▸ **Task prompt**
Copy each line of the data below with the word "dimension".

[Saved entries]
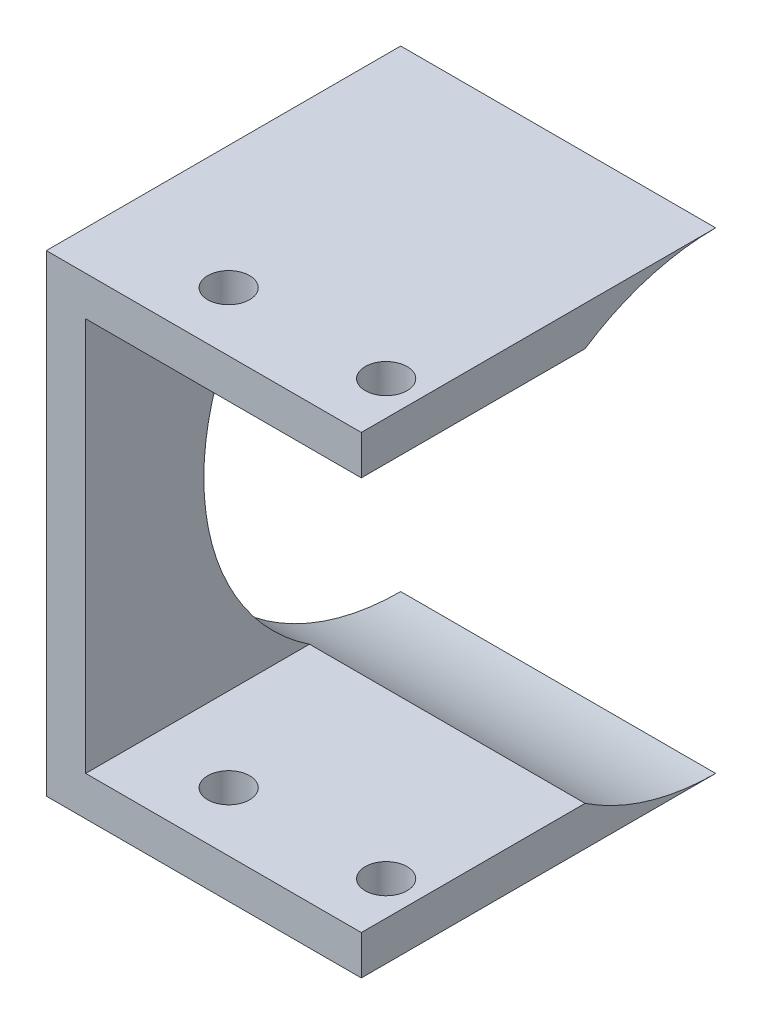
SolidWorks part; units mm, degrees
material "6061 Alloy"
ref_plane "Front Plane" through (0, 0, 0) normal (0, 0, 1) x (1, 0, 0)
ref_plane "Top Plane" through (0, 0, 0) normal (0, 1, 0) x (1, 0, 0)
ref_plane "Right Plane" through (0, 0, 0) normal (1, 0, 0) x (0, 0, -1)
sketch "Sketch2" plane through (0, 0, 0) normal (0, 0, 1) x (1, 0, 0)
  line L1 (0, 0) -> (50.8, 0)
  line L2 (0, 0) -> (0, 76.2)
  line L3 (0, 76.2) -> (50.8, 76.2)
  line L4 (50.8, 0) -> (50.8, 76.2)
  dimension "D1" = 50.8
  dimension "D2" = 76.2
extrude "Boss-Extrude2" add sketch "Sketch2" along normal blind 57.15
sketch "Sketch3" plane through (50.8, 0, 0) normal (1, 0, 0) x (0, 0, -1)
  line L0 (0, 0) -> (0, 76.2) construction
  circle A0 centre (0, 38.1) radius 38.1
  dimension "D1" = 76.2
extrude "Cut-Extrude1" cut sketch "Sketch3" against normal through all
shell "Shell1" thickness 6.35
hole_wizard "1/4 Clearance Hole1" positions "Sketch4" profile "Sketch5" hole size "1/4" standard "ANSI Inch" end condition through all
sketch "Sketch4" plane through (0, 76.2, 0) normal (0, 1, 0) x (1, 0, 0)
  line L1 (6.35, -57.15) -> (6.35, -21.0606) construction
  line L2 (6.35, -57.15) -> (6.35, -21.0606) construction
  line L3 (50.8, 0) -> (-16.465, 0) construction
  line L4 (50.8, -38.1) -> (50.8, 38.1) construction
  point P2 (45.2818, -47.625)
  point P11 (19.8819, -47.625)
  point P23 (0, 0)
  point P24 (12.4374, -38.1)
  dimension "D1" = 47.625
  dimension "D2" = 25.4
  dimension "D3" = 13.5318
sketch "Sketch5" plane through (45.2818, 76.2, 47.625) normal (1, 0, 0) x (0, 0, 1)
  line L0 (0, 0) -> (0, 76.2)
  line L1 (0, 76.2) -> (3.3782, 76.2)
  line L2 (3.3782, 76.2) -> (3.3782, 0)
  line L5 (3.3782, 0) -> (0, 0)
  line L11 (0, -6.35) -> (0, 107.95) construction
  dimension "Thru Hole Dia." = 6.7564
  dimension "Thru Hole Depth" = 76.2

▸ **Result for this task**
  dimension "D1" = 50.8
  dimension "D2" = 76.2
  dimension "D1" = 76.2
  dimension "D1" = 47.625
  dimension "D2" = 25.4
  dimension "D3" = 13.5318
  dimension "Thru Hole Dia." = 6.7564
  dimension "Thru Hole Depth" = 76.2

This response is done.